# Cup product on torus

I want to calculate the cup product on torus (cf. Hatcher's book)

If $\pi_1(T^2) = ([a]) + ([b])$, then by universal coefficient theorem we have

a cocycle $\alpha$ (resp. $\beta$) which have a value $1$ only on a loop $a$ (resp. $b$).
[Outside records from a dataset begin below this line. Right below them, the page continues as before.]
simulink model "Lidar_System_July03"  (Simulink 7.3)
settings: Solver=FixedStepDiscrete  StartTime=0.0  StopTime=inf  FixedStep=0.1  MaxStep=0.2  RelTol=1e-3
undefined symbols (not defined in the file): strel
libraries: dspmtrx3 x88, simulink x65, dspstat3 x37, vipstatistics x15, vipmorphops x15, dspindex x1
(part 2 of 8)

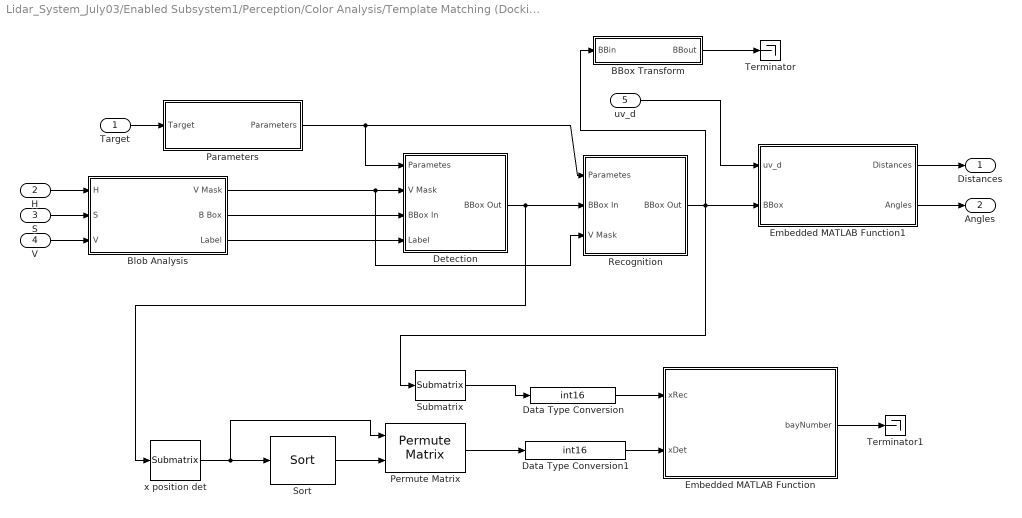
== system Lidar_System_July03/Enabled Subsystem1/Perception/Color Analysis/Template Matching (Docking)/Blue/Circle/Docking1 ==
  Target : Inport
  H : Inport  Port=2
  S : Inport  Port=3
  V : Inport  Port=4
  uv_d : Inport  Port=5
  BBox Transform : Stateflow chart
  Blob Analysis : Subsystem
  Data Type Conversion : DataTypeConversion  OutDataTypeMode=int16  OutDataType=fixdt(1, 16)  OutScaling=2^0  OutDataTypeStr=int16
  Data Type Conversion1 : DataTypeConversion  OutDataTypeMode=int16  OutDataType=fixdt(1, 16)  OutScaling=2^0  OutDataTypeStr=int16
  Detection : Subsystem
  Embedded MATLAB Function : Stateflow chart
  Embedded MATLAB Function1 : Stateflow chart
  Parameters : Subsystem
  Permute Matrix : dspmtrx3/Permute Matrix  mode=Rows  ZeroOneIdxMode=One-based  errmode=Clip index  checkDims=off
  Recognition : Subsystem
  Sort : dspstat3/Sort  DialogController=dspDDGCreate  DialogControllerArgs=DataTag18  otype=Index  dir=Ascending  sortAlg=Quick sort  roundingMode=Floor  overflowMode=off
  Submatrix : dspmtrx3/Submatrix  RowSpan=Range of rows  RowStartMode=First  RowStartIndex=1  RowEndMode=Last  RowEndIndex=1  ColSpan=One column  ColStartMode=First  ColStartIndex=1  ColEndMode=Last  ColEndIndex=1
  Terminator : Terminator
  Terminator1 : Terminator
  x position det : dspmtrx3/Submatrix  RowSpan=Range of rows  RowStartMode=First  RowStartIndex=1  RowEndMode=Last  RowEndIndex=1  ColSpan=One column  ColStartMode=First  ColStartIndex=1  ColEndMode=Last  ColEndIndex=1
  Distances : Outport
  Angles : Outport  Port=2
  wires:
  Embedded MATLAB Function1/2(Angles) -> Angles/1
  BBox Transform/1(BBout) -> Terminator/1
  Target/1 -> Parameters/1(Target)
  V/1 -> Blob Analysis/3(V)
  S/1 -> Blob Analysis/2(S)
  H/1 -> Blob Analysis/1(H)
  Embedded MATLAB Function1/1(Distances) -> Distances/1
  uv_d/1 -> Embedded MATLAB Function1/1(uv_d)
  Embedded MATLAB Function/1(bayNumber) -> Terminator1/1
  Recognition/1(BBox Out) -> BBox Transform/1(BBin), Embedded MATLAB Function1/2(BBox), Submatrix/1
  Data Type Conversion1/1 -> Embedded MATLAB Function/2(xDet)
  Data Type Conversion/1 -> Embedded MATLAB Function/1(xRec)
  Permute Matrix/1 -> Data Type Conversion1/1
  Submatrix/1 -> Data Type Conversion/1
  Sort/1 -> Permute Matrix/2
  x position det/1 -> Permute Matrix/1, Sort/1
  Detection/1(BBox Out) -> x position det/1, Recognition/2(BBox In)
  Blob Analysis/3(Label) -> Detection/4(Label)
  Blob Analysis/2(B Box) -> Detection/3(BBox In)
  Blob Analysis/1(V Mask) -> Recognition/3(V Mask), Detection/2(V Mask)
  Parameters/1(Parameters) -> Recognition/1(Parametes), Detection/1(Parametes)

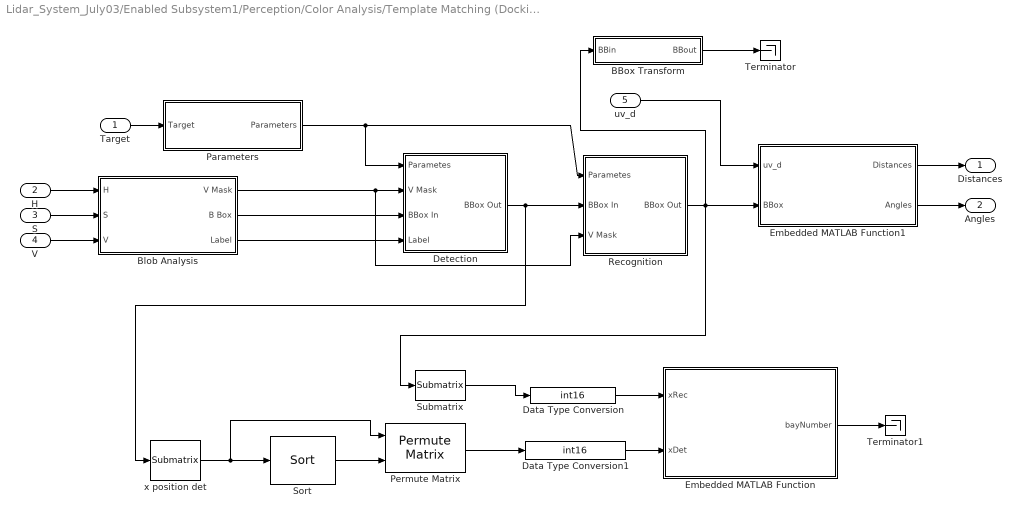
== system Lidar_System_July03/Enabled Subsystem1/Perception/Color Analysis/Template Matching (Docking)/Blue/Cruciform/Docking1 ==
  Target : Inport
  H : Inport  Port=2
  S : Inport  Port=3
  V : Inport  Port=4
  uv_d : Inport  Port=5
  BBox Transform : Stateflow chart
  Blob Analysis : Subsystem
  Data Type Conversion : DataTypeConversion  OutDataTypeMode=int16  OutDataType=fixdt(1, 16)  OutScaling=2^0  OutDataTypeStr=int16
  Data Type Conversion1 : DataTypeConversion  OutDataTypeMode=int16  OutDataType=fixdt(1, 16)  OutScaling=2^0  OutDataTypeStr=int16
  Detection : Subsystem
  Embedded MATLAB Function : Stateflow chart
  Embedded MATLAB Function1 : Stateflow chart
  Parameters : Subsystem
  Permute Matrix : dspmtrx3/Permute Matrix  mode=Rows  ZeroOneIdxMode=One-based  errmode=Clip index  checkDims=off
  Recognition : Subsystem
  Sort : dspstat3/Sort  DialogController=dspDDGCreate  DialogControllerArgs=DataTag22  otype=Index  dir=Ascending  sortAlg=Quick sort  roundingMode=Floor  overflowMode=off
  Submatrix : dspmtrx3/Submatrix  RowSpan=Range of rows  RowStartMode=First  RowStartIndex=1  RowEndMode=Last  RowEndIndex=1  ColSpan=One column  ColStartMode=First  ColStartIndex=1  ColEndMode=Last  ColEndIndex=1
  Terminator : Terminator
  Terminator1 : Terminator
  x position det : dspmtrx3/Submatrix  RowSpan=Range of rows  RowStartMode=First  RowStartIndex=1  RowEndMode=Last  RowEndIndex=1  ColSpan=One column  ColStartMode=First  ColStartIndex=1  ColEndMode=Last  ColEndIndex=1
  Distances : Outport
  Angles : Outport  Port=2
  wires:
  Embedded MATLAB Function1/2(Angles) -> Angles/1
  BBox Transform/1(BBout) -> Terminator/1
  Target/1 -> Parameters/1(Target)
  V/1 -> Blob Analysis/3(V)
  S/1 -> Blob Analysis/2(S)
  H/1 -> Blob Analysis/1(H)
  Embedded MATLAB Function1/1(Distances) -> Distances/1
  uv_d/1 -> Embedded MATLAB Function1/1(uv_d)
  Embedded MATLAB Function/1(bayNumber) -> Terminator1/1
  Recognition/1(BBox Out) -> BBox Transform/1(BBin), Embedded MATLAB Function1/2(BBox), Submatrix/1
  Data Type Conversion1/1 -> Embedded MATLAB Function/2(xDet)
  Data Type Conversion/1 -> Embedded MATLAB Function/1(xRec)
  Permute Matrix/1 -> Data Type Conversion1/1
  Submatrix/1 -> Data Type Conversion/1
  Sort/1 -> Permute Matrix/2
  x position det/1 -> Permute Matrix/1, Sort/1
  Detection/1(BBox Out) -> x position det/1, Recognition/2(BBox In)
  Blob Analysis/3(Label) -> Detection/4(Label)
  Blob Analysis/2(B Box) -> Detection/3(BBox In)
  Blob Analysis/1(V Mask) -> Recognition/3(V Mask), Detection/2(V Mask)
  Parameters/1(Parameters) -> Recognition/1(Parametes), Detection/1(Parametes)

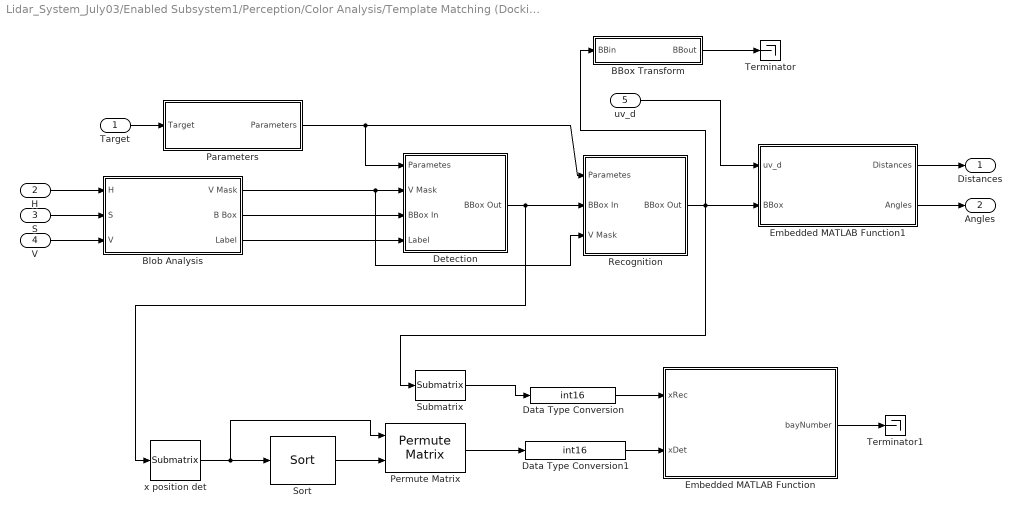
== system Lidar_System_July03/Enabled Subsystem1/Perception/Color Analysis/Template Matching (Docking)/Blue/Triangle/Docking1 ==
  Target : Inport
  H : Inport  Port=2
  S : Inport  Port=3
  V : Inport  Port=4
  uv_d : Inport  Port=5
  BBox Transform : Stateflow chart
  Blob Analysis : Subsystem
  Data Type Conversion : DataTypeConversion  OutDataTypeMode=int16  OutDataType=fixdt(1, 16)  OutScaling=2^0  OutDataTypeStr=int16
  Data Type Conversion1 : DataTypeConversion  OutDataTypeMode=int16  OutDataType=fixdt(1, 16)  OutScaling=2^0  OutDataTypeStr=int16
  Detection : Subsystem
  Embedded MATLAB Function : Stateflow chart
  Embedded MATLAB Function1 : Stateflow chart
  Parameters : Subsystem
  Permute Matrix : dspmtrx3/Permute Matrix  mode=Rows  ZeroOneIdxMode=One-based  errmode=Clip index  checkDims=off
  Recognition : Subsystem
  Sort : dspstat3/Sort  DialogController=dspDDGCreate  DialogControllerArgs=DataTag26  otype=Index  dir=Ascending  sortAlg=Quick sort  roundingMode=Floor  overflowMode=off
  Submatrix : dspmtrx3/Submatrix  RowSpan=Range of rows  RowStartMode=First  RowStartIndex=1  RowEndMode=Last  RowEndIndex=1  ColSpan=One column  ColStartMode=First  ColStartIndex=1  ColEndMode=Last  ColEndIndex=1
  Terminator : Terminator
  Terminator1 : Terminator
  x position det : dspmtrx3/Submatrix  RowSpan=Range of rows  RowStartMode=First  RowStartIndex=1  RowEndMode=Last  RowEndIndex=1  ColSpan=One column  ColStartMode=First  ColStartIndex=1  ColEndMode=Last  ColEndIndex=1
  Distances : Outport
  Angles : Outport  Port=2
  wires:
  Embedded MATLAB Function1/2(Angles) -> Angles/1
  BBox Transform/1(BBout) -> Terminator/1
  Target/1 -> Parameters/1(Target)
  V/1 -> Blob Analysis/3(V)
  S/1 -> Blob Analysis/2(S)
  H/1 -> Blob Analysis/1(H)
  Embedded MATLAB Function1/1(Distances) -> Distances/1
  uv_d/1 -> Embedded MATLAB Function1/1(uv_d)
  Embedded MATLAB Function/1(bayNumber) -> Terminator1/1
  Recognition/1(BBox Out) -> BBox Transform/1(BBin), Embedded MATLAB Function1/2(BBox), Submatrix/1
  Data Type Conversion1/1 -> Embedded MATLAB Function/2(xDet)
  Data Type Conversion/1 -> Embedded MATLAB Function/1(xRec)
  Permute Matrix/1 -> Data Type Conversion1/1
  Submatrix/1 -> Data Type Conversion/1
  Sort/1 -> Permute Matrix/2
  x position det/1 -> Permute Matrix/1, Sort/1
  Detection/1(BBox Out) -> x position det/1, Recognition/2(BBox In)
  Blob Analysis/3(Label) -> Detection/4(Label)
  Blob Analysis/2(B Box) -> Detection/3(BBox In)
  Blob Analysis/1(V Mask) -> Recognition/3(V Mask), Detection/2(V Mask)
  Parameters/1(Parameters) -> Recognition/1(Parametes), Detection/1(Parametes)

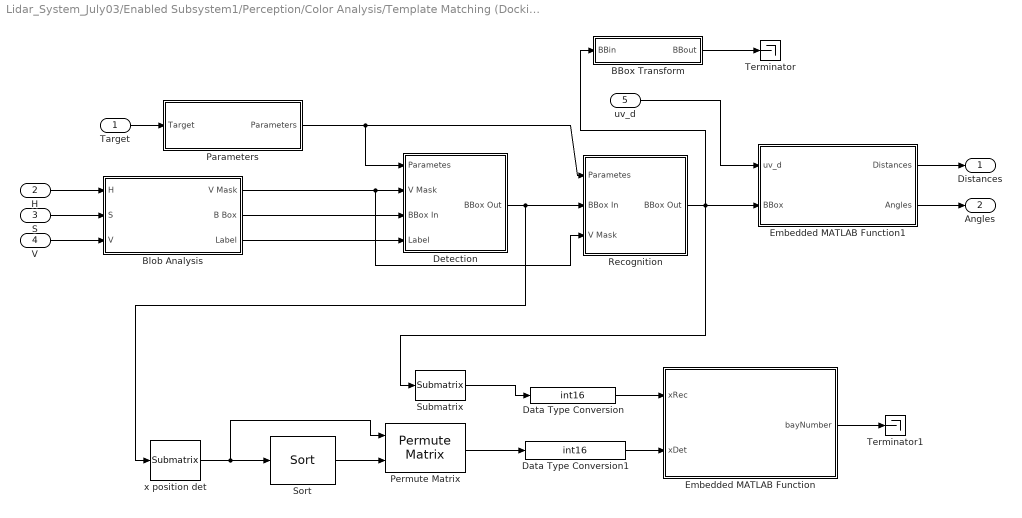
== system Lidar_System_July03/Enabled Subsystem1/Perception/Color Analysis/Template Matching (Docking)/Green/Circle/Docking1 ==
  Target : Inport
  H : Inport  Port=2
  S : Inport  Port=3
  V : Inport  Port=4
  uv_d : Inport  Port=5
  BBox Transform : Stateflow chart
  Blob Analysis : Subsystem
  Data Type Conversion : DataTypeConversion  OutDataTypeMode=int16  OutDataType=fixdt(1, 16)  OutScaling=2^0  OutDataTypeStr=int16
  Data Type Conversion1 : DataTypeConversion  OutDataTypeMode=int16  OutDataType=fixdt(1, 16)  OutScaling=2^0  OutDataTypeStr=int16
  Detection : Subsystem
  Embedded MATLAB Function : Stateflow chart
  Embedded MATLAB Function1 : Stateflow chart
  Parameters : Subsystem
  Permute Matrix : dspmtrx3/Permute Matrix  mode=Rows  ZeroOneIdxMode=One-based  errmode=Clip index  checkDims=off
  Recognition : Subsystem
  Sort : dspstat3/Sort  DialogController=dspDDGCreate  DialogControllerArgs=DataTag30  otype=Index  dir=Ascending  sortAlg=Quick sort  roundingMode=Floor  overflowMode=off
  Submatrix : dspmtrx3/Submatrix  RowSpan=Range of rows  RowStartMode=First  RowStartIndex=1  RowEndMode=Last  RowEndIndex=1  ColSpan=One column  ColStartMode=First  ColStartIndex=1  ColEndMode=Last  ColEndIndex=1
  Terminator : Terminator
  Terminator1 : Terminator
  x position det : dspmtrx3/Submatrix  RowSpan=Range of rows  RowStartMode=First  RowStartIndex=1  RowEndMode=Last  RowEndIndex=1  ColSpan=One column  ColStartMode=First  ColStartIndex=1  ColEndMode=Last  ColEndIndex=1
  Distances : Outport
  Angles : Outport  Port=2
  wires:
  Embedded MATLAB Function1/2(Angles) -> Angles/1
  BBox Transform/1(BBout) -> Terminator/1
  Target/1 -> Parameters/1(Target)
  V/1 -> Blob Analysis/3(V)
  S/1 -> Blob Analysis/2(S)
  H/1 -> Blob Analysis/1(H)
  Embedded MATLAB Function1/1(Distances) -> Distances/1
  uv_d/1 -> Embedded MATLAB Function1/1(uv_d)
  Embedded MATLAB Function/1(bayNumber) -> Terminator1/1
  Recognition/1(BBox Out) -> BBox Transform/1(BBin), Embedded MATLAB Function1/2(BBox), Submatrix/1
  Data Type Conversion1/1 -> Embedded MATLAB Function/2(xDet)
  Data Type Conversion/1 -> Embedded MATLAB Function/1(xRec)
  Permute Matrix/1 -> Data Type Conversion1/1
  Submatrix/1 -> Data Type Conversion/1
  Sort/1 -> Permute Matrix/2
  x position det/1 -> Permute Matrix/1, Sort/1
  Detection/1(BBox Out) -> x position det/1, Recognition/2(BBox In)
  Blob Analysis/3(Label) -> Detection/4(Label)
  Blob Analysis/2(B Box) -> Detection/3(BBox In)
  Blob Analysis/1(V Mask) -> Recognition/3(V Mask), Detection/2(V Mask)
  Parameters/1(Parameters) -> Recognition/1(Parametes), Detection/1(Parametes)

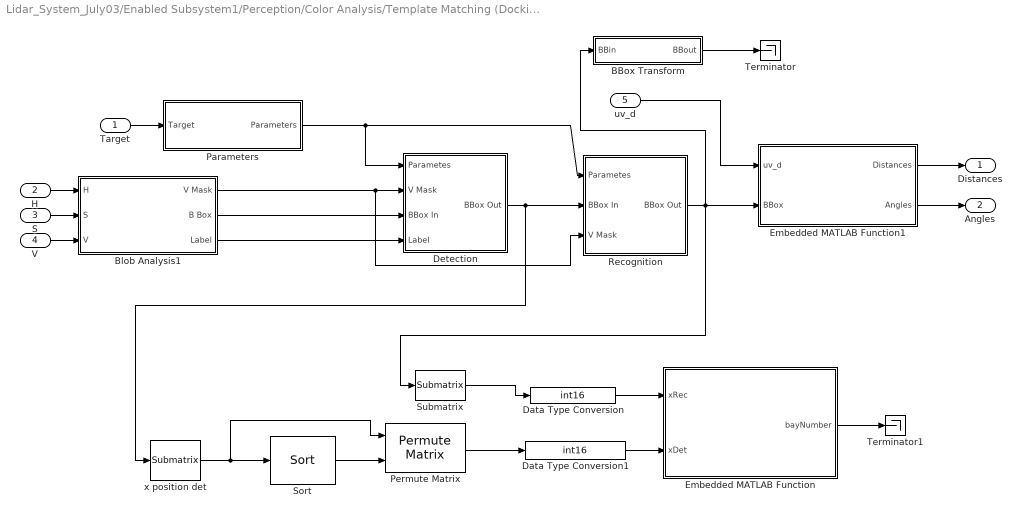
== system Lidar_System_July03/Enabled Subsystem1/Perception/Color Analysis/Template Matching (Docking)/Green/Cruciform/Docking1 ==
  Target : Inport
  H : Inport  Port=2
  S : Inport  Port=3
  V : Inport  Port=4
  uv_d : Inport  Port=5
  BBox Transform : Stateflow chart
  Blob Analysis1 : Subsystem
  Data Type Conversion : DataTypeConversion  OutDataTypeMode=int16  OutDataType=fixdt(1, 16)  OutScaling=2^0  OutDataTypeStr=int16
  Data Type Conversion1 : DataTypeConversion  OutDataTypeMode=int16  OutDataType=fixdt(1, 16)  OutScaling=2^0  OutDataTypeStr=int16
  Detection : Subsystem
  Embedded MATLAB Function : Stateflow chart
  Embedded MATLAB Function1 : Stateflow chart
  Parameters : Subsystem
  Permute Matrix : dspmtrx3/Permute Matrix  mode=Rows  ZeroOneIdxMode=One-based  errmode=Clip index  checkDims=off
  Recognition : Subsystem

Let $\sigma$ is a $2$ cycle with $([\sigma])=H_2(T^2)$ so that $\partial \sigma = a+ b - a-b$. Here in $\Delta$-complex notation, $\sigma$ is a square with four edges $a$, $b$, $-a$, $-b$

Hence $$\alpha \cup \beta (\sigma) = \alpha (a) \beta (b-a-b) = 1\cdot 0 =0$$

But on the other hand, $$0\neq \alpha \cup \beta (\sigma) = \alpha (a+b) \beta (-a-b) = 1\cdot (-1) = \beta (a+b) \alpha (-a-b) = \beta\cup \alpha (\sigma)$$ so that $$\alpha \cup \beta (\sigma) \neq - \beta\cup \alpha (\sigma)$$

What is wrong ? This calculation is based on the definition of cup product :
$$\phi\cup\psi (\sigma ) = \phi( \sigma|_{[v_0, .... , v_k]})\psi (\sigma|_{[v_k, ... , v_{k+l}]} )$$. So on $T^2$, by taking $\sigma|_{[v_0v_1]} = a$ and $\sigma|_{[v_1v_2]} = b-a-b$ or $\sigma|_{[v_0v_1]} = a+b$ and $\sigma|_{[v_1v_2]} = -a-b$, we have the above calculation.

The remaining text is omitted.